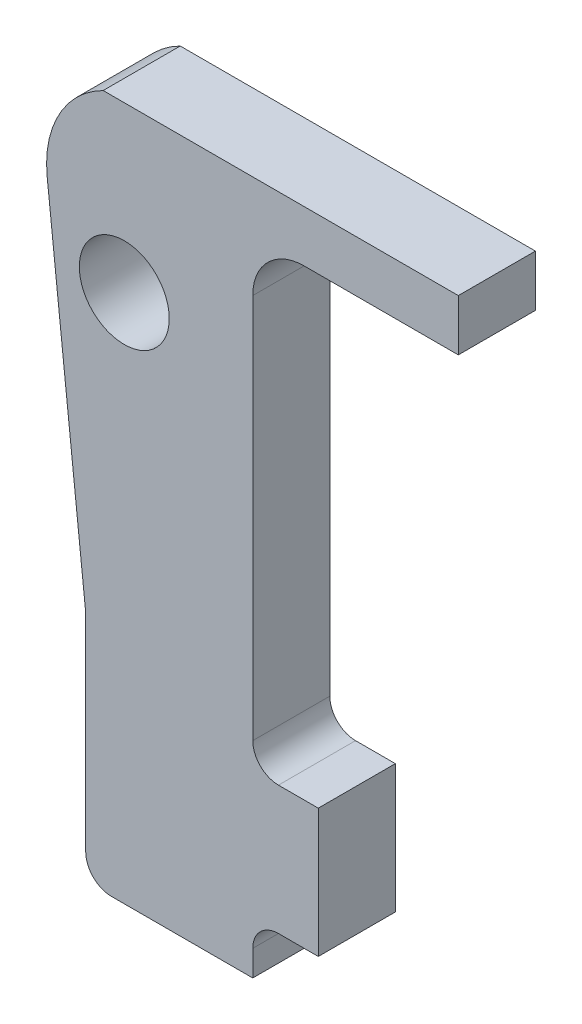
ISO-10303-21;
HEADER;
FILE_DESCRIPTION(('STEP AP214'),'2;1');
FILE_NAME('part.step','',(''),(''),'','','');
FILE_SCHEMA(('AUTOMOTIVE_DESIGN { 1 0 10303 214 1 1 1 1 }'));
ENDSEC;
DATA;
#1=APPLICATION_CONTEXT('core data for automotive mechanical design processes');
#2=APPLICATION_PROTOCOL_DEFINITION('international standard','automotive_design',2000,#1);
#3=PRODUCT_CONTEXT('',#1,'mechanical');
#4=PRODUCT('Part','Part','',(#3));
#5=PRODUCT_RELATED_PRODUCT_CATEGORY('part','',(#4));
#6=PRODUCT_DEFINITION_FORMATION('','',#4);
#7=PRODUCT_DEFINITION_CONTEXT('part definition',#1,'design');
#8=PRODUCT_DEFINITION('design','',#6,#7);
#9=PRODUCT_DEFINITION_SHAPE('','',#8);
#10=(LENGTH_UNIT() NAMED_UNIT(*) SI_UNIT(.MILLI.,.METRE.));
#11=(NAMED_UNIT(*) PLANE_ANGLE_UNIT() SI_UNIT($,.RADIAN.));
#12=(NAMED_UNIT(*) SI_UNIT($,.STERADIAN.) SOLID_ANGLE_UNIT());
#13=UNCERTAINTY_MEASURE_WITH_UNIT(LENGTH_MEASURE(1.E-05),#10,'distance_accuracy_value','');
#14=(GEOMETRIC_REPRESENTATION_CONTEXT(3) GLOBAL_UNCERTAINTY_ASSIGNED_CONTEXT((#13)) GLOBAL_UNIT_ASSIGNED_CONTEXT((#10,
#11,#12)) REPRESENTATION_CONTEXT('',''));
#15=CARTESIAN_POINT('',(0.,0.,0.));
#16=DIRECTION('',(0.,0.,1.));
#17=DIRECTION('',(1.,0.,0.));
#18=AXIS2_PLACEMENT_3D('',#15,#16,#17);
#19=CARTESIAN_POINT('',(11.,13.,3.));
#20=DIRECTION('',(0.,0.,1.));
#21=DIRECTION('',(1.,0.,0.));
#22=AXIS2_PLACEMENT_3D('',#19,#20,#21);
#23=PLANE('',#22);
#24=DIRECTION('',(0.,1.,0.));
#25=VECTOR('',#24,1.);
#26=CARTESIAN_POINT('',(17.,17.,3.));
#27=LINE('',#26,#25);
#28=CARTESIAN_POINT('',(17.,15.,3.));
#29=VERTEX_POINT('',#28);
#30=CARTESIAN_POINT('',(17.,17.,3.));
#31=VERTEX_POINT('',#30);
#32=EDGE_CURVE('E223',#29,#31,#27,.T.);
#33=ORIENTED_EDGE('',*,*,#32,.T.);
#34=DIRECTION('',(-1.,0.,0.));
#35=VECTOR('',#34,1.);
#36=CARTESIAN_POINT('',(3.1773277724179,17.,3.));
#37=LINE('',#36,#35);
#38=CARTESIAN_POINT('',(3.1773277724179,17.,3.));
#39=VERTEX_POINT('',#38);
#40=EDGE_CURVE('E126',#31,#39,#37,.T.);
#41=ORIENTED_EDGE('',*,*,#40,.T.);
#42=CARTESIAN_POINT('',(4.97706273782929,13.4277522406368,3.));
#43=DIRECTION('',(0.,0.,1.));
#44=DIRECTION('',(-1.,0.,0.));
#45=AXIS2_PLACEMENT_3D('',#42,#43,#44);
#46=CIRCLE('',#45,4.);
#47=CARTESIAN_POINT('',(1.,13.,3.));
#48=VERTEX_POINT('',#47);
#49=EDGE_CURVE('E265',#39,#48,#46,.T.);
#50=ORIENTED_EDGE('',*,*,#49,.T.);
#51=DIRECTION('',(0.10693806015919,-0.994265684457323,0.));
#52=VECTOR('',#51,1.);
#53=CARTESIAN_POINT('',(2.49426568445733,-0.893061939840812,3.));
#54=LINE('',#53,#52);
#55=CARTESIAN_POINT('',(2.49426568445733,-0.893061939840812,3.));
#56=VERTEX_POINT('',#55);
#57=EDGE_CURVE('E284',#48,#56,#54,.T.);
#58=ORIENTED_EDGE('',*,*,#57,.T.);
#59=CARTESIAN_POINT('',(1.5,-1.,3.));
#60=DIRECTION('',(0.,0.,-1.));
#61=DIRECTION('',(1.,0.,0.));
#62=AXIS2_PLACEMENT_3D('',#59,#60,#61);
#63=CIRCLE('',#62,1.);
#64=CARTESIAN_POINT('',(2.5,-1.,3.));
#65=VERTEX_POINT('',#64);
#66=EDGE_CURVE('E281',#56,#65,#63,.T.);
#67=ORIENTED_EDGE('',*,*,#66,.T.);
#68=DIRECTION('',(0.,-1.,0.));
#69=VECTOR('',#68,1.);
#70=CARTESIAN_POINT('',(2.5,-9.,3.));
#71=LINE('',#70,#69);
#72=CARTESIAN_POINT('',(2.5,-9.,3.));
#73=VERTEX_POINT('',#72);
#74=EDGE_CURVE('E283',#65,#73,#71,.T.);
#75=ORIENTED_EDGE('',*,*,#74,.T.);
#76=CARTESIAN_POINT('',(3.5,-9.,3.));
#77=DIRECTION('',(0.,0.,1.));
#78=DIRECTION('',(-1.,0.,0.));
#79=AXIS2_PLACEMENT_3D('',#76,#77,#78);
#80=CIRCLE('',#79,1.);
#81=CARTESIAN_POINT('',(3.5,-10.,3.));
#82=VERTEX_POINT('',#81);
#83=EDGE_CURVE('E286',#73,#82,#80,.T.);
#84=ORIENTED_EDGE('',*,*,#83,.T.);
#85=DIRECTION('',(1.,0.,0.));
#86=VECTOR('',#85,1.);
#87=CARTESIAN_POINT('',(9.00000000000001,-10.,3.));
#88=LINE('',#87,#86);
#89=CARTESIAN_POINT('',(9.00000000000001,-10.,3.));
#90=VERTEX_POINT('',#89);
#91=EDGE_CURVE('E292',#82,#90,#88,.T.);
#92=ORIENTED_EDGE('',*,*,#91,.T.);
#93=DIRECTION('',(0.,1.,0.));
#94=VECTOR('',#93,1.);
#95=CARTESIAN_POINT('',(9.,-9.,3.));
#96=LINE('',#95,#94);
#97=CARTESIAN_POINT('',(9.,-9.,3.));
#98=VERTEX_POINT('',#97);
#99=EDGE_CURVE('E294',#90,#98,#96,.T.);
#100=ORIENTED_EDGE('',*,*,#99,.T.);
#101=CARTESIAN_POINT('',(10.,-9.,3.));
#102=DIRECTION('',(0.,0.,-1.));
#103=DIRECTION('',(1.,0.,0.));
#104=AXIS2_PLACEMENT_3D('',#101,#102,#103);
#105=CIRCLE('',#104,1.);
#106=CARTESIAN_POINT('',(10.,-8.,3.));
#107=VERTEX_POINT('',#106);
#108=EDGE_CURVE('E296',#98,#107,#105,.T.);
#109=ORIENTED_EDGE('',*,*,#108,.T.);
#110=DIRECTION('',(1.,0.,0.));
#111=VECTOR('',#110,1.);
#112=CARTESIAN_POINT('',(11.55,-8.,3.));
#113=LINE('',#112,#111);
#114=CARTESIAN_POINT('',(11.55,-8.,3.));
#115=VERTEX_POINT('',#114);
#116=EDGE_CURVE('E298',#107,#115,#113,.T.);
#117=ORIENTED_EDGE('',*,*,#116,.T.);
#118=DIRECTION('',(0.,1.,0.));
#119=VECTOR('',#118,1.);
#120=CARTESIAN_POINT('',(11.55,-3.,3.));
#121=LINE('',#120,#119);
#122=CARTESIAN_POINT('',(11.55,-3.,3.));
#123=VERTEX_POINT('',#122);
#124=EDGE_CURVE('E300',#115,#123,#121,.T.);
#125=ORIENTED_EDGE('',*,*,#124,.T.);
#126=DIRECTION('',(-1.,0.,0.));
#127=VECTOR('',#126,1.);
#128=CARTESIAN_POINT('',(10.,-3.,3.));
#129=LINE('',#128,#127);
#130=CARTESIAN_POINT('',(10.,-3.,3.));
#131=VERTEX_POINT('',#130);
#132=EDGE_CURVE('E302',#123,#131,#129,.T.);
#133=ORIENTED_EDGE('',*,*,#132,.T.);
#134=CARTESIAN_POINT('',(10.,-2.,3.));
#135=DIRECTION('',(0.,0.,-1.));
#136=DIRECTION('',(1.,0.,0.));
#137=AXIS2_PLACEMENT_3D('',#134,#135,#136);
#138=CIRCLE('',#137,1.);
#139=CARTESIAN_POINT('',(9.,-2.,3.));
#140=VERTEX_POINT('',#139);
#141=EDGE_CURVE('E172',#131,#140,#138,.T.);
#142=ORIENTED_EDGE('',*,*,#141,.T.);
#143=DIRECTION('',(0.,1.,0.));
#144=VECTOR('',#143,1.);
#145=CARTESIAN_POINT('',(9.,13.,3.));
#146=LINE('',#145,#144);
#147=CARTESIAN_POINT('',(9.,13.,3.));
#148=VERTEX_POINT('',#147);
#149=EDGE_CURVE('E166',#140,#148,#146,.T.);
#150=ORIENTED_EDGE('',*,*,#149,.T.);
#151=CARTESIAN_POINT('',(11.,13.,3.));
#152=DIRECTION('',(0.,0.,-1.));
#153=DIRECTION('',(1.,0.,0.));
#154=AXIS2_PLACEMENT_3D('',#151,#152,#153);
#155=CIRCLE('',#154,2.);
#156=CARTESIAN_POINT('',(11.,15.,3.));
#157=VERTEX_POINT('',#156);
#158=EDGE_CURVE('E170',#148,#157,#155,.T.);
#159=ORIENTED_EDGE('',*,*,#158,.T.);
#160=DIRECTION('',(1.,0.,0.));
#161=VECTOR('',#160,1.);
#162=CARTESIAN_POINT('',(17.,15.,3.));
#163=LINE('',#162,#161);
#164=EDGE_CURVE('E56',#157,#29,#163,.T.);
#165=ORIENTED_EDGE('',*,*,#164,.T.);
#166=EDGE_LOOP('',(#33,#41,#50,#58,#67,#75,#84,#92,#100,#109,#117,#125,#133,#142,#150,#159,#165));
#167=FACE_BOUND('',#166,.T.);
#168=CARTESIAN_POINT('',(4.,10.6,3.));
#169=DIRECTION('',(0.,0.,1.));
#170=DIRECTION('',(1.,0.,0.));
#171=AXIS2_PLACEMENT_3D('',#168,#169,#170);
#172=CIRCLE('',#171,1.75);
#173=CARTESIAN_POINT('',(5.75,10.6,3.));
#174=VERTEX_POINT('',#173);
#175=EDGE_CURVE('E194',#174,#174,#172,.T.);
#176=ORIENTED_EDGE('',*,*,#175,.F.);
#177=EDGE_LOOP('',(#176));
#178=FACE_BOUND('',#177,.T.);
#179=ADVANCED_FACE('F39',(#167,#178),#23,.T.);
#180=CARTESIAN_POINT('',(11.,13.,0.));
#181=DIRECTION('',(0.,0.,1.));
#182=DIRECTION('',(1.,0.,0.));
#183=AXIS2_PLACEMENT_3D('',#180,#181,#182);
#184=PLANE('',#183);
#185=DIRECTION('',(0.,1.,0.));
#186=VECTOR('',#185,1.);
#187=CARTESIAN_POINT('',(17.,17.,0.));
#188=LINE('',#187,#186);
#189=CARTESIAN_POINT('',(17.,15.,0.));
#190=VERTEX_POINT('',#189);
#191=CARTESIAN_POINT('',(17.,17.,0.));
#192=VERTEX_POINT('',#191);
#193=EDGE_CURVE('E190',#190,#192,#188,.T.);
#194=ORIENTED_EDGE('',*,*,#193,.F.);
#195=DIRECTION('',(1.,0.,0.));
#196=VECTOR('',#195,1.);
#197=CARTESIAN_POINT('',(17.,15.,0.));
#198=LINE('',#197,#196);
#199=CARTESIAN_POINT('',(11.,15.,0.));
#200=VERTEX_POINT('',#199);
#201=EDGE_CURVE('E118',#200,#190,#198,.T.);
#202=ORIENTED_EDGE('',*,*,#201,.F.);
#203=CARTESIAN_POINT('',(11.,13.,0.));
#204=DIRECTION('',(0.,0.,-1.));
#205=DIRECTION('',(1.,0.,0.));
#206=AXIS2_PLACEMENT_3D('',#203,#204,#205);
#207=CIRCLE('',#206,2.);
#208=CARTESIAN_POINT('',(9.,13.,0.));
#209=VERTEX_POINT('',#208);
#210=EDGE_CURVE('E112',#209,#200,#207,.T.);
#211=ORIENTED_EDGE('',*,*,#210,.F.);
#212=DIRECTION('',(0.,1.,0.));
#213=VECTOR('',#212,1.);
#214=CARTESIAN_POINT('',(9.,13.,0.));
#215=LINE('',#214,#213);
#216=CARTESIAN_POINT('',(9.,-2.,0.));
#217=VERTEX_POINT('',#216);
#218=EDGE_CURVE('E180',#217,#209,#215,.T.);
#219=ORIENTED_EDGE('',*,*,#218,.F.);
#220=CARTESIAN_POINT('',(10.,-2.,0.));
#221=DIRECTION('',(0.,0.,-1.));
#222=DIRECTION('',(1.,0.,0.));
#223=AXIS2_PLACEMENT_3D('',#220,#221,#222);
#224=CIRCLE('',#223,1.);
#225=CARTESIAN_POINT('',(10.,-3.,0.));
#226=VERTEX_POINT('',#225);
#227=EDGE_CURVE('E218',#226,#217,#224,.T.);
#228=ORIENTED_EDGE('',*,*,#227,.F.);
#229=DIRECTION('',(-1.,0.,0.));
#230=VECTOR('',#229,1.);
#231=CARTESIAN_POINT('',(10.,-3.,0.));
#232=LINE('',#231,#230);
#233=CARTESIAN_POINT('',(11.55,-3.,0.));
#234=VERTEX_POINT('',#233);
#235=EDGE_CURVE('E216',#234,#226,#232,.T.);
#236=ORIENTED_EDGE('',*,*,#235,.F.);
#237=DIRECTION('',(0.,1.,0.));
#238=VECTOR('',#237,1.);
#239=CARTESIAN_POINT('',(11.55,-3.,0.));
#240=LINE('',#239,#238);
#241=CARTESIAN_POINT('',(11.55,-8.,0.));
#242=VERTEX_POINT('',#241);
#243=EDGE_CURVE('E214',#242,#234,#240,.T.);
#244=ORIENTED_EDGE('',*,*,#243,.F.);
#245=DIRECTION('',(1.,0.,0.));
#246=VECTOR('',#245,1.);
#247=CARTESIAN_POINT('',(11.55,-8.,0.));
#248=LINE('',#247,#246);
#249=CARTESIAN_POINT('',(10.,-8.,0.));
#250=VERTEX_POINT('',#249);
#251=EDGE_CURVE('E212',#250,#242,#248,.T.);
#252=ORIENTED_EDGE('',*,*,#251,.F.);
#253=CARTESIAN_POINT('',(10.,-9.,0.));
#254=DIRECTION('',(0.,0.,-1.));
#255=DIRECTION('',(1.,0.,0.));
#256=AXIS2_PLACEMENT_3D('',#253,#254,#255);
#257=CIRCLE('',#256,1.);
#258=CARTESIAN_POINT('',(9.,-9.,0.));
#259=VERTEX_POINT('',#258);
#260=EDGE_CURVE('E210',#259,#250,#257,.T.);
#261=ORIENTED_EDGE('',*,*,#260,.F.);
#262=DIRECTION('',(0.,1.,0.));
#263=VECTOR('',#262,1.);
#264=CARTESIAN_POINT('',(9.,-9.,0.));
#265=LINE('',#264,#263);
#266=CARTESIAN_POINT('',(9.00000000000001,-10.,0.));
#267=VERTEX_POINT('',#266);
#268=EDGE_CURVE('E208',#267,#259,#265,.T.);
#269=ORIENTED_EDGE('',*,*,#268,.F.);
#270=DIRECTION('',(1.,0.,0.));
#271=VECTOR('',#270,1.);
#272=CARTESIAN_POINT('',(9.00000000000001,-10.,0.));
#273=LINE('',#272,#271);
#274=CARTESIAN_POINT('',(3.5,-10.,0.));
#275=VERTEX_POINT('',#274);
#276=EDGE_CURVE('E206',#275,#267,#273,.T.);
#277=ORIENTED_EDGE('',*,*,#276,.F.);
#278=CARTESIAN_POINT('',(3.5,-9.,0.));
#279=DIRECTION('',(0.,0.,1.));
#280=DIRECTION('',(-1.,0.,0.));
#281=AXIS2_PLACEMENT_3D('',#278,#279,#280);
#282=CIRCLE('',#281,1.);
#283=CARTESIAN_POINT('',(2.5,-9.,0.));
#284=VERTEX_POINT('',#283);
#285=EDGE_CURVE('E204',#284,#275,#282,.T.);
#286=ORIENTED_EDGE('',*,*,#285,.F.);
#287=DIRECTION('',(0.,-1.,0.));
#288=VECTOR('',#287,1.);
#289=CARTESIAN_POINT('',(2.5,-9.,0.));
#290=LINE('',#289,#288);
#291=CARTESIAN_POINT('',(2.5,-1.,0.));
#292=VERTEX_POINT('',#291);
#293=EDGE_CURVE('E202',#292,#284,#290,.T.);
#294=ORIENTED_EDGE('',*,*,#293,.F.);
#295=CARTESIAN_POINT('',(1.5,-1.,0.));
#296=DIRECTION('',(0.,0.,-1.));
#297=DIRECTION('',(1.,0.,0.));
..........
*What the exercise asks*.
Above are the entries. Output exactly the lines beginning with the line that has "#187=CARTESIAN_POINT('',(17.,17.,0.));" and ending with the line that has "#194=ORIENTED_EDGE('',*,*,#193,.F.);".

*Exercise solution*.
#187=CARTESIAN_POINT('',(17.,17.,0.));
#188=LINE('',#187,#186);
#189=CARTESIAN_POINT('',(17.,15.,0.));
#190=VERTEX_POINT('',#189);
#191=CARTESIAN_POINT('',(17.,17.,0.));
#192=VERTEX_POINT('',#191);
#193=EDGE_CURVE('E190',#190,#192,#188,.T.);
#194=ORIENTED_EDGE('',*,*,#193,.F.);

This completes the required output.